Decision #70/18 - Type: Workers Compensation

Preamble

The employer is appealing the decision made by the Workers Compensation Board ("WCB") that the worker is entitled to wage loss benefits for February 22 and 23, 2017. A hearing was held on March 26, 2018 to consider the employer's appeal.

Issue

Whether or not the worker is entitled to wage loss benefits for February 22 and 23, 2017.

Decision

The worker is entitled to wage loss benefits for February 22 and 23, 2017.

Background

The worker, a labourer, reported injuring his left shoulder on February 14, 2017, describing the incident as:

Around 6:45am, we were heading to [location] with the company truck for me to go home after working 21 days at [location]. The foreman was driving and when we reached [location], he stopped at [location] gas bar. I got out of the truck to use the washroom and I slipped. I grabbed the handle of the truck and I was able to break my fall. When I grabbed the handle, I felt a pull and pop in my left shoulder.

I told the foreman I dislocated my shoulder and he asked if I was okay. When we got to my house, he helped me carry my bags and did not offer to bring me to the hospital.

On February 14, 2017, the worker attended at the local hospital where he was diagnosed with a "Left shoulder anterior dislocation." A reduction under sedation was attempted but failed and the worker was sent to a larger regional hospital for further treatment. The worker was provided with a note from the attending physician indicating that he was to be off work from February 14, 2017 to February 17, 2017. An x-ray taken on February 14, 2017, at the regional hospital prior to the reduction attempted noted:

SHOULDER, LEFT:

There is an anterior glenohumeral joint dislocation. A Hill-Sachs deformity is noted. No glenoid fracture seen.

The report from the emergency department of the regional hospital notes "Easily reduced with traction" and an x-ray taken after the reduction was performed on the same day showed that "The glenohumeral joint appears congruent. There is a large Hills-Sachs deformity. No glenoid fracture is seen."

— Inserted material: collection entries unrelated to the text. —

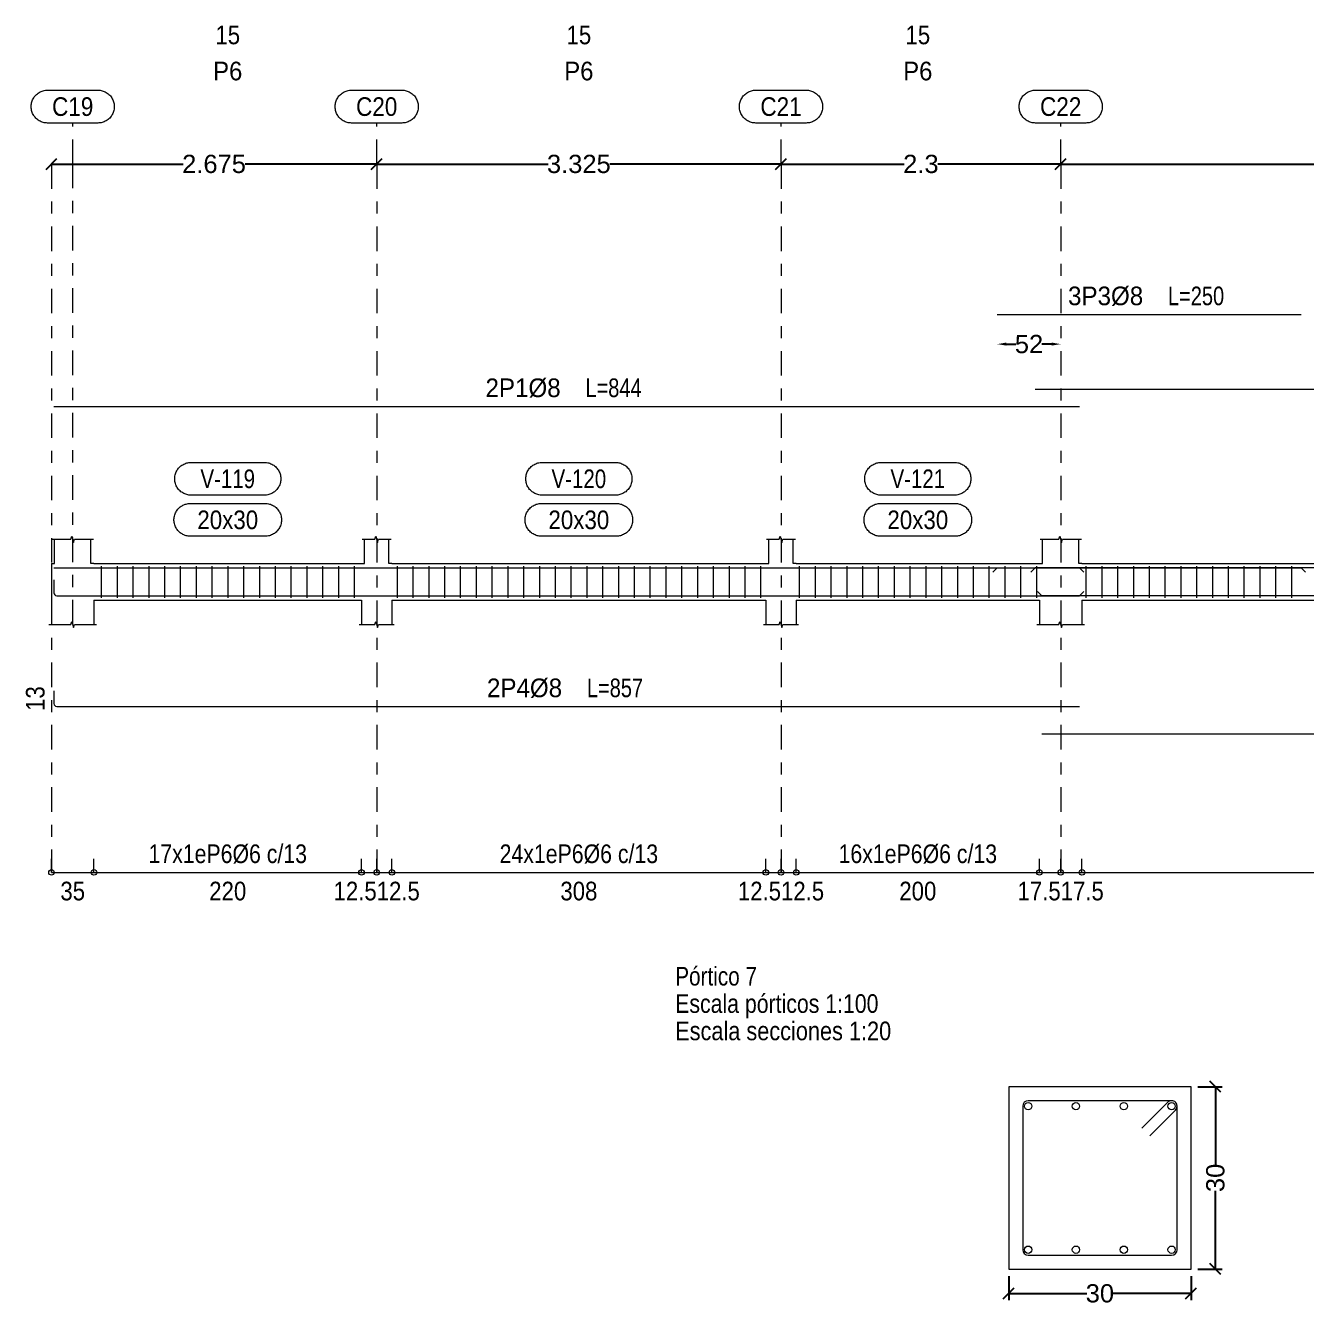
# Model space of a CAD drawing. Header units: millimetres. Extents: x 2 to 158, y -69 to 77.
# Drawn here: x 115.31 to 125.85, y 41.2 to 51.72 of the extents above; entities that cross this region are included whole.
import ezdxf
from ezdxf.enums import TextEntityAlignment as Align

# ---------------------------------------------------------------- set-up
doc = ezdxf.new("R2010")
doc.units = ezdxf.units.MM
doc.linetypes.add('CYPE_RAYAPUNTO', pattern=[0.4125, 0.2025, -0.105, 0, -0.105])
for name, color, linetype, lineweight in [('ALZ_ARM_LONG_ARM_TEXTOS', 3, 'Continuous', 9), ('ALZ_ARM_LONG_TXT_LONG', 3, 'Continuous', 9), ('ALZ_ARM_TRANS_TXT_EST', 3, 'Continuous', 9), ('ALZ_CONT_NUDOS', 122, 'Continuous', 9), ('ALZ_CONT_VIG_HORMIGON', 2, 'Continuous', 9), ('ALZ_COT_COT_ANCLAJES', 3, 'Continuous', 0), ('ALZ_COT_COT_ARM', 3, 'Continuous', 0), ('ALZ_COT_COT_EST', 3, 'Continuous', 0), ('ALZ_COT_COT_LIN_APOYOS', 2, 'CYPE_RAYAPUNTO', 0), ('ALZ_COT_LONGITUD_PROYECTADA', 122, 'Continuous', 0), ('ALZ_COT_TEXTOS_ESTRIBOS', 122, 'Continuous', 0), ('ALZ_REF_COT_LIN_AUX_COTA', 2, 'CYPE_RAYAPUNTO', 9), ('ALZ_REF_REF_ESCALA', 3, 'Continuous', 9), ('ALZ_REF_REF_NOMBRE', 3, 'Continuous', 9), ('ALZ_REF_REF_REFERENCIA', 3, 'Continuous', 9), ('ALZ_REF_REFERENCIA_PORTICO', 3, 'Continuous', 9), ('ALZ_REF_TEXTO_REF_NOMBRE', 3, 'Continuous', 9), ('ALZ_REF_TEXTO_REF_REFERENCIA', 3, 'Continuous', 9), ('ARM_LONGITUDINAL_Ø12', 171, 'Continuous', 9), ('ARM_LONGITUDINAL_Ø16', 212, 'Continuous', 9), ('ARM_LONGITUDINAL_Ø8', 32, 'Continuous', 9), ('ARM_TRANSVERSAL_Ø6', 151, 'Continuous', 9), ('SEC_CONT_VIG_HORMIGON_SECCION', 2, 'Continuous', 9), ('SEC_COTAS_SEC_DIM_VIGA', 122, 'Continuous', 0), ('SEC_COTAS_TEXTOS_DESPIECE_ESTRIBADO', 122, 'Continuous', 0), ('SEC_REF_TXT_POSICIONES_ARM_ESTRIBOS', 1, 'Continuous', 9)]:
    doc.layers.add(name, color=color, linetype=linetype, lineweight=lineweight)
doc.styles.add('CYPETXT_0.225_romans', font='arial.ttf', dxfattribs={"height": 0.15})
doc.styles.add('CYPETXT_romans', font='arial.ttf', dxfattribs={"height": 0.2})
doc.dimstyles.new('cype_arrow', dxfattribs={"dimtxt": 0.18, "dimasz": 0.075, "dimexe": 0.05625, "dimexo": 0.05625, "dimgap": 0, "dimtad": 0, "dimdec": 4, "dimzin": 0, "dimdsep": 46, "dimtxsty": 'CYPETXT_0.225_romans', "dimcen": 0.09, "dimadec": 0, "dimazin": 0, "dimtfac": 1, "dimtdec": 4, "dimtofl": 0, "dimtmove": 2, "dimatfit": 3, "dimfxl": 1, "dimtolj": 1, "dimtzin": 0, "dimarcsym": 0})
doc.dimstyles.new('cype_oblique', dxfattribs={"dimtxt": 0.18, "dimasz": 0.18, "dimexe": 0.05625, "dimexo": 0.05625, "dimgap": 0, "dimtad": 0, "dimdec": 4, "dimzin": 0, "dimdsep": 46, "dimtxsty": 'CYPETXT_0.225_romans', "dimblk": 'OBLIQUE', "dimtsz": 0.045, "dimcen": 0.09, "dimadec": 0, "dimazin": 0, "dimtfac": 1, "dimtdec": 4, "dimtofl": 0, "dimtmove": 2, "dimatfit": 3, "dimfxl": 1, "dimtolj": 1, "dimtzin": 0, "dimarcsym": 0})

# ---------------------------------------------------------------- blocks, each defined once
blk = doc.blocks.new('*D356')
at = {"layer": 'ALZ_COT_LONGITUD_PROYECTADA', "color": 0, "lineweight": -2, "transparency": 16777216}
for p, q in [((115.482, 50.541), (115.572, 50.631)), ((115.527, 50.586), (116.609, 50.586)), ((118.202, 50.586), (117.119, 50.586)), ((118.157, 50.541), (118.247, 50.631))]:
    blk.add_line(p, q, dxfattribs=at)
at = {"layer": 'Defpoints', "color": 0, "transparency": 16777216}
for p in [(115.527, 50.586), (115.527, 50.586), (118.202, 50.586)]:
    blk.add_point(p, dxfattribs=at)
at = {"layer": 'ALZ_COT_LONGITUD_PROYECTADA', "color": 0, "transparency": 16777216, "insert": (116.864, 50.586), "char_height": 0.15, "attachment_point": 5, "style": 'CYPETXT_0.225_romans'}
blk.add_mtext('\\A1;2.675', dxfattribs=at)
blk = doc.blocks.new('_OBLIQUE')
at = {"color": 0, "linetype": 'ByBlock', "lineweight": -2}
blk.add_line((-0.5, -0.5), (0.5, 0.5), dxfattribs=at)
blk = doc.blocks.new('*D357')
at = {"layer": 'ALZ_COT_LONGITUD_PROYECTADA', "color": 0, "lineweight": -2, "transparency": 16777216}
for p, q in [((118.157, 50.541), (118.247, 50.631)), ((118.202, 50.586), (119.611, 50.586)), ((121.527, 50.586), (120.118, 50.586)), ((121.482, 50.541), (121.572, 50.631))]:
    blk.add_line(p, q, dxfattribs=at)
at = {"layer": 'Defpoints', "color": 0, "transparency": 16777216}
for p in [(118.202, 50.586), (118.202, 50.586), (121.527, 50.586)]:
    blk.add_point(p, dxfattribs=at)
at = {"layer": 'ALZ_COT_LONGITUD_PROYECTADA', "color": 0, "transparency": 16777216, "insert": (119.864, 50.586), "char_height": 0.15, "attachment_point": 5, "style": 'CYPETXT_0.225_romans'}
blk.add_mtext('\\A1;3.325', dxfattribs=at)
blk = doc.blocks.new('*D358')
at = {"layer": 'ALZ_COT_LONGITUD_PROYECTADA', "color": 0, "lineweight": -2, "transparency": 16777216}
for p, q in [((121.482, 50.541), (121.572, 50.631)), ((121.527, 50.586), (122.539, 50.586)), ((123.827, 50.586), (122.815, 50.586)), ((123.782, 50.541), (123.872, 50.631))]:
    blk.add_line(p, q, dxfattribs=at)
at = {"layer": 'Defpoints', "color": 0, "transparency": 16777216}
for p in [(121.527, 50.586), (121.527, 50.586), (123.827, 50.586)]:
    blk.add_point(p, dxfattribs=at)
at = {"layer": 'ALZ_COT_LONGITUD_PROYECTADA', "color": 0, "transparency": 16777216, "insert": (122.677, 50.586), "char_height": 0.15, "attachment_point": 5, "style": 'CYPETXT_0.225_romans'}
blk.add_mtext('\\A1;2.3', dxfattribs=at)
blk = doc.blocks.new('*D359')
at = {"layer": 'ALZ_COT_LONGITUD_PROYECTADA', "color": 0, "lineweight": -2, "transparency": 16777216}
for p, q in [((123.782, 50.541), (123.872, 50.631)), ((123.827, 50.586), (128.277, 50.586)), ((132.827, 50.586), (128.376, 50.586)), ((132.782, 50.541), (132.872, 50.631))]:
    blk.add_line(p, q, dxfattribs=at)
at = {"layer": 'Defpoints', "color": 0, "transparency": 16777216}
for p in [(123.827, 50.586), (123.827, 50.586), (132.827, 50.586)]:
    blk.add_point(p, dxfattribs=at)
at = {"layer": 'ALZ_COT_LONGITUD_PROYECTADA', "color": 0, "transparency": 16777216, "insert": (128.327, 50.586), "char_height": 0.15, "attachment_point": 5, "style": 'CYPETXT_0.225_romans'}
blk.add_mtext('\\A1;9', dxfattribs=at)
blk = doc.blocks.new('*D360')
at = {"layer": 'ALZ_COT_COT_ARM', "color": 0, "lineweight": -2, "transparency": 16777216}
for p, q in [((123.38, 49.105), (123.459, 49.105)), ((123.752, 49.105), (123.672, 49.105))]:
    blk.add_line(p, q, dxfattribs=at)
at = {"layer": 'ALZ_COT_COT_ARM', "color": 0, "transparency": 16777216}
for points in [[(123.38, 49.118), (123.38, 49.093), (123.305, 49.105)], [(123.752, 49.118), (123.752, 49.093), (123.827, 49.105)]]:
    blk.add_solid(points, dxfattribs=at)
at = {"layer": 'Defpoints', "color": 0, "transparency": 16777216}
for p in [(123.305, 49.105), (123.827, 49.105), (123.827, 49.105)]:
    blk.add_point(p, dxfattribs=at)
at = {"layer": 'ALZ_COT_COT_ARM', "color": 0, "transparency": 16777216, "insert": (123.566, 49.105), "char_height": 0.15, "attachment_point": 5, "style": 'CYPETXT_0.225_romans'}
blk.add_mtext('\\A1;52', dxfattribs=at)
blk = doc.blocks.new('*D361')
at = {"layer": 'Defpoints', "color": 0, "transparency": 16777216}
for p in [(123.399, 41.499), (124.899, 41.499), (124.899, 41.299)]:
    blk.add_point(p, dxfattribs=at)
at = {"layer": 'SEC_COTAS_SEC_DIM_VIGA', "color": 0, "lineweight": -2, "transparency": 16777216}
for p, q in [((123.399, 41.442), (123.399, 41.243)), ((124.899, 41.442), (124.899, 41.243)), ((123.354, 41.254), (123.444, 41.344)), ((123.399, 41.299), (124.042, 41.299)), ((124.899, 41.299), (124.256, 41.299)), ((124.854, 41.254), (124.944, 41.344))]:
    blk.add_line(p, q, dxfattribs=at)
at = {"layer": 'SEC_COTAS_SEC_DIM_VIGA', "color": 0, "transparency": 16777216, "insert": (124.149, 41.299), "char_height": 0.15, "attachment_point": 5, "style": 'CYPETXT_0.225_romans'}
blk.add_mtext('\\A1;30', dxfattribs=at)
blk = doc.blocks.new('*D362')
at = {"layer": 'Defpoints', "color": 0, "transparency": 16777216}
for p in [(124.899, 42.999), (125.099, 42.999), (124.899, 41.499)]:
    blk.add_point(p, dxfattribs=at)
at = {"layer": 'SEC_COTAS_SEC_DIM_VIGA', "color": 0, "lineweight": -2, "transparency": 16777216}
for p, q in [((124.955, 42.999), (125.155, 42.999)), ((125.144, 42.954), (125.054, 43.044)), ((125.099, 42.999), (125.099, 42.356)), ((125.099, 41.499), (125.099, 42.142)), ((125.144, 41.454), (125.054, 41.544)), ((124.955, 41.499), (125.155, 41.499))]:
    blk.add_line(p, q, dxfattribs=at)
at = {"layer": 'SEC_COTAS_SEC_DIM_VIGA', "color": 0, "transparency": 16777216, "insert": (125.099, 42.249), "char_height": 0.15, "attachment_point": 5, "rotation": 90, "style": 'CYPETXT_0.225_romans'}
blk.add_mtext('\\A1;30', dxfattribs=at)

msp = doc.modelspace()

# ---------------------------------------------------------------- linework, layer by layer
at = {"layer": 'ALZ_CONT_NUDOS'}
for p, q in [((115.55161, 47.30023), (115.55161, 47.50023)), ((115.85161, 47.30023), (115.85161, 47.50023)), ((118.10161, 47.30023), (118.10161, 47.50023)), ((118.30161, 47.30023), (118.30161, 47.50023)), ((121.42668, 47.30023), (121.42668, 47.50023)), ((121.62668, 47.30023), (121.62668, 47.50023)), ((123.67668, 47.30023), (123.67668, 47.50023)), ((123.97668, 47.30023), (123.97668, 47.50023)), ((115.52661, 47.30023), (115.55161, 47.30023)), ((115.87661, 47.30023), (115.85161, 47.30023)), ((118.07661, 47.30023), (118.10161, 47.30023)), ((118.32661, 47.30023), (118.30161, 47.30023)), ((121.40168, 47.30023), (121.42668, 47.30023)), ((121.65168, 47.30023), (121.62668, 47.30023)), ((123.65168, 47.30023), (123.67668, 47.30023)), ((124.00168, 47.30023), (123.97668, 47.30023)), ((115.52661, 47.00023), (115.52661, 46.80023)), ((115.87661, 47.00023), (115.87661, 46.80023)), ((118.07661, 47.00023), (118.07661, 46.80023)), ((118.32661, 47.00023), (118.32661, 46.80023)), ((121.40168, 47.00023), (121.40168, 46.80023)), ((121.65168, 47.00023), (121.65168, 46.80023)), ((123.65168, 47.00023), (123.65168, 46.80023)), ((124.00168, 47.00023), (124.00168, 46.80023))]:
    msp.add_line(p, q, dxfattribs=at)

The worker was seen for a follow-up appointment with his family doctor on February 15, 2017, who diagnosed him with a left shoulder dislocation and recommended that he not return to work in any capacity but did not specify a duration. A further follow-up appointment date was set for March 3, 2017.

In a discussion with the WCB on February 23, 2017, the worker advised that his scheduled time off was February 15 to February 21, 2017. The WCB advised the worker that as he was right handed and his injury was to his left shoulder, he was not considered totally disabled and that his employer had advised they had modified duties available for him. The WCB spoke to the employer on February 23, 2017 and confirmed that they had modified duties available for the worker as of February 24, 2017. On February 27, 2017, the employer was advised by the WCB that they have accepted the worker's claim and would pay wage loss benefits for February 21 to 23, 2017. The WCB later confirmed with the worker that since February 21, 2017 was a scheduled day off, he would only be entitled to wage loss benefits for February 22 and 23, 2017.

The employer requested reconsideration of the WCB's decision to pay wage loss benefits to the Review Office on March 10, 2017. The employer submitted a copy of their Return to Work Package information, signed by the worker, along with a timeline of the events from the date of the accident to support their claim.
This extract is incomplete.